Assigned task: Given the entries that follow, write out exactly the lines starting at the one containing "point P0 (15, -24)" and ending at the one containing "circle A0 centre", both ends included, and only those.

----

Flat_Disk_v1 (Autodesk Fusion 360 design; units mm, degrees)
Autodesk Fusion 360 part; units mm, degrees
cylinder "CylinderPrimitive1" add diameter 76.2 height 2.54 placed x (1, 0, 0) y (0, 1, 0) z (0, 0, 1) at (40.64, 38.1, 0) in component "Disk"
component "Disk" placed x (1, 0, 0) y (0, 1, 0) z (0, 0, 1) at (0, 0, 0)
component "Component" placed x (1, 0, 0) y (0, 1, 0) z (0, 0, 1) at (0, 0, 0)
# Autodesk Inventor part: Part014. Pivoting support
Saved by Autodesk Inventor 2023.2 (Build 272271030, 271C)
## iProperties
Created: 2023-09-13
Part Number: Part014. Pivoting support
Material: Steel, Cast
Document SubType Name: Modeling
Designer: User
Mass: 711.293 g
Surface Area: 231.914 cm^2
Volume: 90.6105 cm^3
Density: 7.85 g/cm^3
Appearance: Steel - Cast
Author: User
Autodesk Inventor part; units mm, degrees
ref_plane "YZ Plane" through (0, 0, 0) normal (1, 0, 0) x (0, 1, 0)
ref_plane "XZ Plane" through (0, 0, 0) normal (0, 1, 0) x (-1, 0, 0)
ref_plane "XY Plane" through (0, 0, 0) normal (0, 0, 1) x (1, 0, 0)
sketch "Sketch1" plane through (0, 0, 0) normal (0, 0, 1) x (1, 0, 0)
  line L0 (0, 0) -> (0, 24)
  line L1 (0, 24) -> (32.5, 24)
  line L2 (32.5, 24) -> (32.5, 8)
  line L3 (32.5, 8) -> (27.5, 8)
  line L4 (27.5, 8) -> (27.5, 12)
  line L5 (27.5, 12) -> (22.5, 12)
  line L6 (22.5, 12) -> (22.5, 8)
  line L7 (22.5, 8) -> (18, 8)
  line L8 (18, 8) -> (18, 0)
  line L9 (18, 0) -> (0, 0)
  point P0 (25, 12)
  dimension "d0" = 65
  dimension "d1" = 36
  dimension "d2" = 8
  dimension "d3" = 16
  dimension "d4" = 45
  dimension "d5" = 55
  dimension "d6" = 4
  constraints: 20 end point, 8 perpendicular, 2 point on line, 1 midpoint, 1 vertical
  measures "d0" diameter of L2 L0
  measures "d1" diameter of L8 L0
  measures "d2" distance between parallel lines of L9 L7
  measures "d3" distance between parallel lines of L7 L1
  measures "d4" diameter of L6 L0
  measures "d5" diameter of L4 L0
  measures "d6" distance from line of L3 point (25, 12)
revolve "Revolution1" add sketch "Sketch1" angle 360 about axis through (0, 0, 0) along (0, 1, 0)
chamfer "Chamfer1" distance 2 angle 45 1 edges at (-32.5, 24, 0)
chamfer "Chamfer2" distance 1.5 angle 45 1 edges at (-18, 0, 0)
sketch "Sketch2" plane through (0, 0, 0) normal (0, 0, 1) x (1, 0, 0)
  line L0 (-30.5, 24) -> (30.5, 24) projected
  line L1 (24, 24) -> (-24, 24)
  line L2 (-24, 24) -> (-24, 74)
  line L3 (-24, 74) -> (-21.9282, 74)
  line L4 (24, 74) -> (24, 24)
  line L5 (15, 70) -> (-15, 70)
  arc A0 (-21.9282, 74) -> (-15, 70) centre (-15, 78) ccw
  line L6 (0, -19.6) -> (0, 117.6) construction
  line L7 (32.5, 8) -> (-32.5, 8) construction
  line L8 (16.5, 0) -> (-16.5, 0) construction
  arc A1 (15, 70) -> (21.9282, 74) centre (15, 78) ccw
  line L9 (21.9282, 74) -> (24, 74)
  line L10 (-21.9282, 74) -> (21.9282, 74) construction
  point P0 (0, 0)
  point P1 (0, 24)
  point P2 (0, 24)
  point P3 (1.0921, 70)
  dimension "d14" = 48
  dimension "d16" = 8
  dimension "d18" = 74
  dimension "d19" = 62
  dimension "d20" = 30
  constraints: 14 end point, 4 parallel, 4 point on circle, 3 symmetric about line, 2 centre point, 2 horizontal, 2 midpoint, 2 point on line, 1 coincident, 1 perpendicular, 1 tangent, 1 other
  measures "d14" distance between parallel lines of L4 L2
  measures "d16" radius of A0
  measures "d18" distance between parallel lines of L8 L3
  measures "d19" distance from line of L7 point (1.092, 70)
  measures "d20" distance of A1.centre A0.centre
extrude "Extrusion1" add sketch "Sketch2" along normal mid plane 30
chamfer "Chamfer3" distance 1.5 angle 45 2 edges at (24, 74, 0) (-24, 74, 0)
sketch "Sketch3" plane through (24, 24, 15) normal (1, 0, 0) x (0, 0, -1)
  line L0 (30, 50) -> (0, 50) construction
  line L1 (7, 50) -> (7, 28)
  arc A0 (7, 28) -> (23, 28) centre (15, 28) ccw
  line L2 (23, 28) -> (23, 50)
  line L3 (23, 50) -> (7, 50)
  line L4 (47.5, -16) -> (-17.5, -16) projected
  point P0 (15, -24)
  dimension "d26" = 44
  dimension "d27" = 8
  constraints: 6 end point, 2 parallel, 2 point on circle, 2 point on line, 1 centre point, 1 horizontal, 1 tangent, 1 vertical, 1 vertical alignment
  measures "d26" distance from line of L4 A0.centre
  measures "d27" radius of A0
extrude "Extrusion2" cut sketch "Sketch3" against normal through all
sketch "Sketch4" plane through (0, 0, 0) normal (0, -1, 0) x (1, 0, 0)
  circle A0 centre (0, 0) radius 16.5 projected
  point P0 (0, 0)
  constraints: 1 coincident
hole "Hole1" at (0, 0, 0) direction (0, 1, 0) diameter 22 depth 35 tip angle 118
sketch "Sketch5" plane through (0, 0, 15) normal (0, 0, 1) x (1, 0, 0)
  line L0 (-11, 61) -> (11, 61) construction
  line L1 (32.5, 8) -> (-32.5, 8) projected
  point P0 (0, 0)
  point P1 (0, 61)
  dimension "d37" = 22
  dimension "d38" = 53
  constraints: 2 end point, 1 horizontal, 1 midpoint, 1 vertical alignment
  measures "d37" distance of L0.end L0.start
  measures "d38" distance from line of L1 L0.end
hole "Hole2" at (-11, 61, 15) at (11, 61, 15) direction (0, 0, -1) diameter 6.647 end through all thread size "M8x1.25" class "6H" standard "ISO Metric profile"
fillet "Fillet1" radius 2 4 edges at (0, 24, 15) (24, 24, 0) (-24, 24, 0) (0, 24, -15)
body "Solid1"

----

Your response:
  point P0 (15, -24)
  dimension "d26" = 44
  dimension "d27" = 8
  constraints: 6 end point, 2 parallel, 2 point on circle, 2 point on line, 1 centre point, 1 horizontal, 1 tangent, 1 vertical, 1 vertical alignment
  measures "d26" distance from line of L4 A0.centre
  measures "d27" radius of A0
extrude "Extrusion2" cut sketch "Sketch3" against normal through all
sketch "Sketch4" plane through (0, 0, 0) normal (0, -1, 0) x (1, 0, 0)
  circle A0 centre (0, 0) radius 16.5 projected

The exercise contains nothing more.